Sensorless Control of the Levitated Ball
This work addresses a practical problem of reducing cost and improving reliability in magnetic levitation systems by eliminating position sensors, which is of interest to control engineers working on such systems.
The paper presents the first sensorless control law for a levitated ball system, using only current and voltage measurements, by combining parameter estimation-based observers with dynamic regressor extension and mixing to reconstruct magnetic flux and estimate mechanical coordinates. Simulation results demonstrate the effectiveness of the proposed scheme.

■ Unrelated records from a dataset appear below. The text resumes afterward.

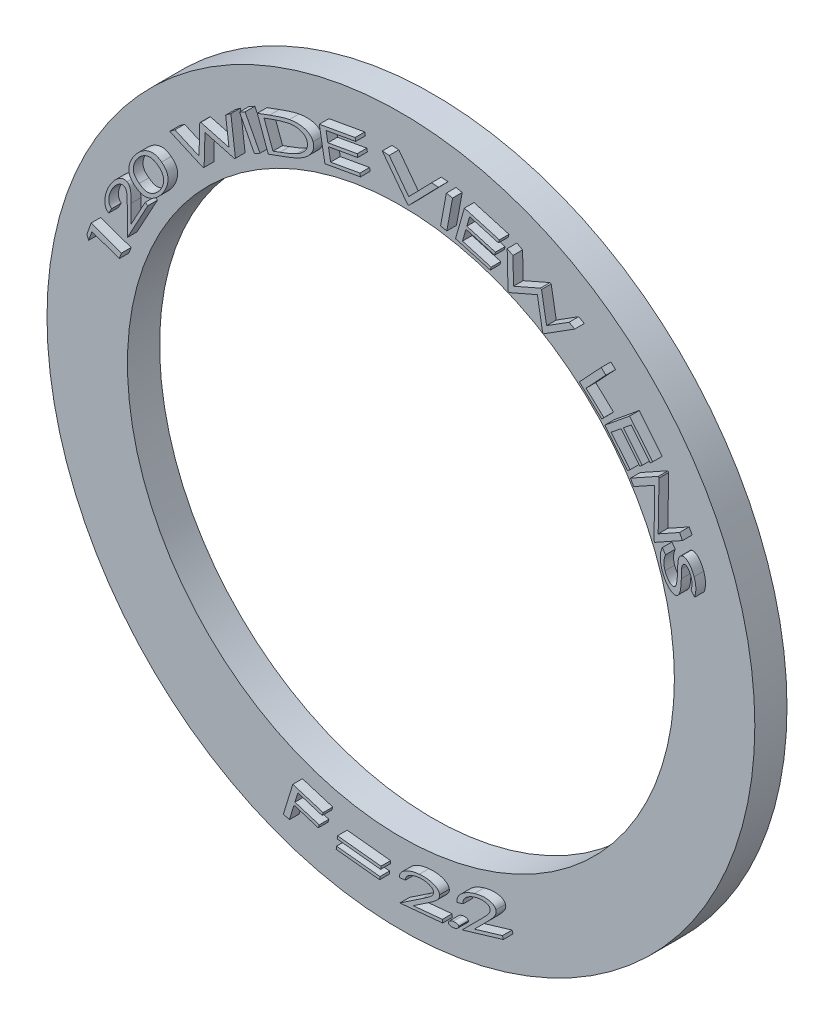
SolidWorks part; units mm, degrees
material "ABS"
ref_plane "Front Plane" through (0, 0, 0) normal (0, 0, 1) x (1, 0, 0)
ref_plane "Top Plane" through (0, 0, 0) normal (0, 1, 0) x (1, 0, 0)
ref_plane "Right Plane" through (0, 0, 0) normal (1, 0, 0) x (0, 0, -1)
sketch "Disc Profile" plane through (0, 0, 0) normal (0, 0, 1) x (1, 0, 0)
  circle A0 centre (0, 0) radius 11
  dimension "D1" = 22
extrude "Disc Extrude" add sketch "Disc Profile" along normal blind 1
sketch "Lens Hole Profile" plane through (0, 0, 1) normal (0, 0, 1) x (1, 0, 0)
  circle A0 centre (0, 0) radius 8.5
  dimension "D1" = 17
extrude "Lens Hole Cut" cut sketch "Lens Hole Profile" against normal through all
sketch "Lens Text 1 Profile" plane through (0, 0, 1) normal (0, 0, 1) x (1, 0, 0)
  line L0 (15.9043, 0) -> (-15.9043, 0) construction
  line L2 (12.8502, 1) -> (-12.8502, 1) construction
  line L3 (0, 0) -> (0, 14.7015) construction
  arc A0 (-9, 0) -> (9, 0) centre (0, 0) ccw construction
  arc A1 (8.9443, 1) -> (-8.9443, 1) centre (0, 0) ccw construction
  text T0 "120 WIDE VIEW LENS" font "Century Gothic" height 1
  point P6 (0, 0)
  point P9 (0, 0)
  point P12 (0, 1)
  dimension "D1" = 18
  dimension "D2" = 1
sketch "Text Guide Profile" plane through (0, 0, 0) normal (0, 0, -1) x (-1, 0, 0)
  circle A0 centre (0, 0) radius 11
sketch "Lens Text 2 Profile" plane through (0, 0, 1) normal (0, 0, 1) x (1, 0, 0)
  line L0 (-11, 0) -> (15.4642, 0) construction
  line L1 (15.9043, 0) -> (-15.9043, 0) construction
  arc A0 (-10, 0) -> (10, 0) centre (0, 0) ccw construction
  circle A1 centre (0, 0) radius 11 construction
  text T0 "F = 2.2" font "Century Gothic" height 1
  dimension "D1" = 10
extrude "Lens Text 1" add sketch "Lens Text 1 Profile" along normal blind 0.3
extrude "Lens Text 2" add sketch "Lens Text 2 Profile" along normal blind 0.3

One of the most widely studied dynamical systems in nonlinear control theory is the levitated ball. Several full-state feedback controllers that ensure asymptotic regulation of the ball position have been reported in the literature. However, to the best of our knowledge, the design of a stabilizing law measuring only the current and the voltage - so-called sensorless control - is conspicuous by its absence. Besides its unquestionable theoretical interest, the high cost and poor reliability of position sensors for magnetic levitated systems, makes the problem of great practical application. Our main contribution is to provide the fist solution to this problem. Instrumental for the development of the theory is the use of parameter estimation-based observers, which combined with the dynamic regressor extension and mixing parameter estimation technique, allow the reconstruction of the magnetic flux. With the knowledge of the latter it is shown that the mechanical coordinates can be estimated with suitably tailored nonlinear observers. Replacing the observed states, in a certainty equivalent manner, with a full information asymptotically stabilising law completes the sensorless controller design. Simulation results are used to illustrate the performance of the proposed scheme.